Georgia Straight
for January 1994, Article 4
The issue of condom machines in schools keeps popping up and down, so to speak.
I first learned about condoms at age about 8. No, I was not a precocious early breeder - our private school football field was surrounded on three sides by woods, the fourth being the road. (It was wartime and I was at St Georges - lest that seem to be too rich for my more leftist readers, please note that it is also Moe Sihota's Alma Mammy) There was a lane through the trees to about midfield and on this road any given day, though Monday was by far the best, could be seen spent "Frenchies" as we used to call them.
This was cause for great schoolboy mirth and being chased by a particularly unsavoury lad who was swinging one aloft in the manner of David's sling was one of the risks of the Monday game of Rugby. To this day I cannot hear the word "sheik" mentioned without suppressing a giggle. One of my mates when asked by a "master" his ambition in life, replied, wisely if somewhat impudently, "to be president of Julius Schmid and Co., Sir". The master, a rare Catholic in an Anglican School blushed and stammered that he had never heard of the company which pioneered the manufacture of what is the indelicate subject of today's essay.
How, we asked older boys, do you get these strange sheaths about which there is such mystery in the adult world?
The best way, we were told, was to take a fifty cent piece (yes, those were bygone days!) and press them with the index and second fingers, right hand, into the druggists hand who would immediately recognize this secret sign and give you a pack of three. One of our intrepid lads tried it at the drug store at 41st and Dunbar and the druggist simply said, "what the devil do you want?"
I will now surprise younger readers. We did indeed find out about sex, in my day, and roughly the same way and at the same time you did. And a hell of a lot of girls got pregnant and had to "go away" for awhile. If you were over 19, marriage at the figurative point of the shotgun was the inevitable result. There's no doubt in my mind that the high breakdown rate of '50s marriages resulted from the number of them provoked by the impending birth of "love children".

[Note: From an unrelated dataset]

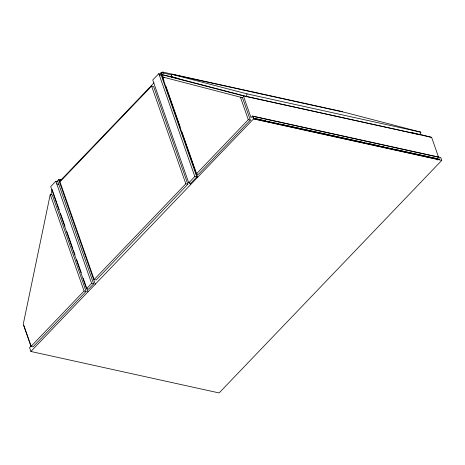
<?xml version="1.0" encoding="UTF-8"?>
<svg xmlns="http://www.w3.org/2000/svg" width="465" height="465" viewBox="0 0 465 465"><rect width="100%" height="100%" fill="white"/><g stroke="black" fill="none" stroke-linecap="round" stroke-linejoin="round"><path stroke-width="0.7" d="M50.255 194.44L23.25 324.215L31.027 346.419L33.05 346.867L86.095 291.456L52.278 194.887L50.255 194.44L84.072 291.009L86.095 291.456M50.883 195.009L52.057 189.348L56.608 202.333M171.248 76.841L171.847 74.29L345.698 112.6L420.825 132.17L420.226 134.728L246.374 96.412L171.248 76.841L179.019 78.556M246.374 96.412L246.979 93.86L171.847 74.29M55.823 181.216L50.726 186.541L86.513 288.736L88.536 289.184L93.639 283.859L57.852 181.658L55.823 181.216L91.617 283.412L93.639 283.859M158.803 73.656L152.729 79.992L188.749 182.85L190.778 183.297L196.846 176.956L160.826 74.104L158.803 73.656L194.823 176.514L196.846 176.956M56.672 181.722L58.66 179.647L60.683 180.095M160.361 73.424L161.152 72.598L171.765 74.935M161.774 73.052L162.727 72.052L342.763 111.728M59.363 180.426L60.322 179.426L61.74 179.74M59.381 181.699L154.049 82.817M151.602 86.077L59.956 181.809L94.174 279.529L96.197 279.977L187.848 184.245L153.63 86.525L151.602 86.077L185.826 183.803L187.848 184.245M94.174 279.529L185.826 183.803M31.027 346.419L84.072 291.009M86.513 288.736L91.617 283.412M196.346 173.957L248.298 119.685L250.327 120.133L198.369 174.404L196.346 173.957L162.361 76.917L164.383 77.359M23.773 325.279L31.056 346.088L29.551 347.663L30.882 351.47L219.108 392.948L441.75 160.402L440.733 157.501L252.507 116.023L251.001 117.599L243.398 95.883L161.872 74.65L175.317 77.609M188.749 182.85L194.823 176.514M30.882 351.47L253.524 118.918L441.75 160.402M253.437 118.343L437.053 158.815L438.565 157.234L252.815 116.302L253.669 118.738L439.419 159.675L431.625 137.367L418.971 134.071M246.979 93.86L420.825 132.17M159.222 74.853L161.245 75.301M243.398 95.883L431.625 137.367M250.327 120.133L242.468 97.702L240.446 97.255L248.298 119.685M254.535 118.377L265.858 120.871M267.276 121.185L270.107 121.807M271.519 122.121L274.35 122.743M275.768 123.056L278.599 123.678M280.011 123.992L284.964 125.079M286.382 125.393L364.926 142.703M366.344 143.017L379.789 145.981M381.201 146.289L384.032 146.917M385.45 147.225L388.275 147.853M389.693 148.161L392.524 148.788M393.936 149.096L398.894 150.189M400.307 150.503L437.106 158.612M56.777 183.925L58.799 184.367M412.502 132.717L420.226 134.728M162.361 76.917L242.468 97.702M437.053 158.815L437.484 160.03M252.507 116.023L253.524 118.918M162.727 72.052L163.209 73.418M161.152 72.598L164.023 80.8M165.941 86.263L180.298 127.271M181.734 131.368L197.77 177.153M189.732 182.751L190.447 184.803M58.66 179.647L95.278 284.208M57.085 203.699L59.241 209.849M60.433 213.266L64.984 226.252M66.896 231.715L72.877 248.798M73.36 250.17L75.034 254.954M76.708 259.737L81.253 272.717M83.171 278.186L87.955 291.851"/></g></svg>

What I find so astonishing about the resistance of so many parents to condom machines in schools is that these same people grew up in such sexually liberated times, most being the products of the 60s. Perhaps that's the key - in their day sex, drugs and irresponsibility were the fashion and they don't want their kids to be the same. They wish to restore for their children the times when Grampa and Grandma grew up - to give them the morality and safety of the 40s and 50s.
I hate to disillusion, but there was no morality or safety in the 50s. The family unit, which looks so wonderful in retrospect, especially if you watch the movies of the day, was in reality a hotbed of suppression. Wives accepted the husband's authority which was often administered physically. Alcoholism and, yes, other drug abuse were common. What was different was that women put up with it because society insisted upon it. Divorce details for the Friday "divorce day" at the courthouse were published in the weekend papers for all to see and cluck about. Social pressure to maintain marriage was enormous and was mainly on the wife.
Untrained abortionists abounded. The Salvation Army did a land office business helping unmarried women. Today's adoption reunions provide a very good glimpse of this society, as adult adoptees learn of the enormous social pressures on their unmarried mothers and dads.
There isn't a particle of evidence to prove that the availability of condoms increases sexuality. Parents, if you want to know why your kids are sexually active the answers are two in number - they have the same hopping hormones you had, and you should take a look at their videos.
It is argued, by the same people who used to vote in droves for Bill Vander Zalm, that we should return to the family unit - that Mom and Dad should look after these "sex things" and leave the schools out of it.
The trouble is, the "family" those people remember probably never was, but it certainly does not exist today for the majority of kids.
Perhaps we would be wiser to be practical and understand that preventing pregnancies, and disease, is a much better idea than preaching and living in a past that scarcely existed, if it existed at all.